What you return must match the records exactly, with every line included.

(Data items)
┄┄┄┄┄┄┄┄┄┄┄┄┄┄┄┄┄┄┄┄
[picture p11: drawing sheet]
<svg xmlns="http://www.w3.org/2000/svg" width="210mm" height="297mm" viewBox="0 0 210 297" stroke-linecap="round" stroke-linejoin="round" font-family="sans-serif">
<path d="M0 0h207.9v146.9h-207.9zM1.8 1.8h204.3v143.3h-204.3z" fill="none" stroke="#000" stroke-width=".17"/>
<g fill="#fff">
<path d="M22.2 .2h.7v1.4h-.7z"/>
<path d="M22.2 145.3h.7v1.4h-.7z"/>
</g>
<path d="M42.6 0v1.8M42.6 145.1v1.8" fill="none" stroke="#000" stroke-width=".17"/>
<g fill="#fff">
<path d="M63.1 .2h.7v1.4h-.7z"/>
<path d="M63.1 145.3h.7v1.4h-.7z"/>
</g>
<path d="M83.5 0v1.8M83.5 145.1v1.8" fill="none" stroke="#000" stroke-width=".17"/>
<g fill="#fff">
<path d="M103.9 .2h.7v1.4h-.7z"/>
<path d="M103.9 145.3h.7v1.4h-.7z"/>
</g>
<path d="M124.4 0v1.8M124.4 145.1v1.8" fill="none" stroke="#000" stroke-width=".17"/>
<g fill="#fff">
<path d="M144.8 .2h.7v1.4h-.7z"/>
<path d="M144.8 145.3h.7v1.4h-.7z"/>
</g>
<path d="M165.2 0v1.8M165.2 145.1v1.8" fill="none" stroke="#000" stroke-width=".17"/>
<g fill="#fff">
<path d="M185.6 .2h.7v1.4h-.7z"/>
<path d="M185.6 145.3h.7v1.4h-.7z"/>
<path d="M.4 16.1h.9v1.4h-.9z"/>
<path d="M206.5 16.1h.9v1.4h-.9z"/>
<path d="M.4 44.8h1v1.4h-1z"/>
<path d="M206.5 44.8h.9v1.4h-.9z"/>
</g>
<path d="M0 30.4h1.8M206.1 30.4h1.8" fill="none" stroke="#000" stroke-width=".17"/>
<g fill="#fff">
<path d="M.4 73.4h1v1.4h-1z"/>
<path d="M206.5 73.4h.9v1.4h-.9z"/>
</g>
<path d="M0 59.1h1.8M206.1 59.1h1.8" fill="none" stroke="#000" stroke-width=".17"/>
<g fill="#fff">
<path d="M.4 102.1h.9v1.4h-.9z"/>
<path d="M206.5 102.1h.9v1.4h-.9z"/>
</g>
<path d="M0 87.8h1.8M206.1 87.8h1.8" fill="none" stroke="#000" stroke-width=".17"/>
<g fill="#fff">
┄┄┄┄┄┄┄┄┄┄┄┄┄┄┄┄┄┄┄┄
## Exercise answer
[picture p11: drawing sheet]
<svg xmlns="http://www.w3.org/2000/svg" width="210mm" height="297mm" viewBox="0 0 210 297" stroke-linecap="round" stroke-linejoin="round" font-family="sans-serif">
<path d="M0 0h207.9v146.9h-207.9zM1.8 1.8h204.3v143.3h-204.3z" fill="none" stroke="#000" stroke-width=".17"/>
<g fill="#fff">
<path d="M22.2 .2h.7v1.4h-.7z"/>
<path d="M22.2 145.3h.7v1.4h-.7z"/>
</g>
<path d="M42.6 0v1.8M42.6 145.1v1.8" fill="none" stroke="#000" stroke-width=".17"/>
<g fill="#fff">
<path d="M63.1 .2h.7v1.4h-.7z"/>
<path d="M63.1 145.3h.7v1.4h-.7z"/>
</g>
<path d="M83.5 0v1.8M83.5 145.1v1.8" fill="none" stroke="#000" stroke-width=".17"/>
<g fill="#fff">
<path d="M103.9 .2h.7v1.4h-.7z"/>
<path d="M103.9 145.3h.7v1.4h-.7z"/>
</g>
<path d="M124.4 0v1.8M124.4 145.1v1.8" fill="none" stroke="#000" stroke-width=".17"/>
<g fill="#fff">
<path d="M144.8 .2h.7v1.4h-.7z"/>
<path d="M144.8 145.3h.7v1.4h-.7z"/>
</g>
<path d="M165.2 0v1.8M165.2 145.1v1.8" fill="none" stroke="#000" stroke-width=".17"/>
<g fill="#fff">
<path d="M185.6 .2h.7v1.4h-.7z"/>
<path d="M185.6 145.3h.7v1.4h-.7z"/>
<path d="M.4 16.1h.9v1.4h-.9z"/>
<path d="M206.5 16.1h.9v1.4h-.9z"/>
<path d="M.4 44.8h1v1.4h-1z"/>
<path d="M206.5 44.8h.9v1.4h-.9z"/>
</g>
<path d="M0 30.4h1.8M206.1 30.4h1.8" fill="none" stroke="#000" stroke-width=".17"/>
<g fill="#fff">
<path d="M.4 73.4h1v1.4h-1z"/>
<path d="M206.5 73.4h.9v1.4h-.9z"/>
</g>
<path d="M0 59.1h1.8M206.1 59.1h1.8" fill="none" stroke="#000" stroke-width=".17"/>
<g fill="#fff">
<path d="M.4 102.1h.9v1.4h-.9z"/>
<path d="M206.5 102.1h.9v1.4h-.9z"/>
</g>
<path d="M0 87.8h1.8M206.1 87.8h1.8" fill="none" stroke="#000" stroke-width=".17"/>
<g fill="#fff">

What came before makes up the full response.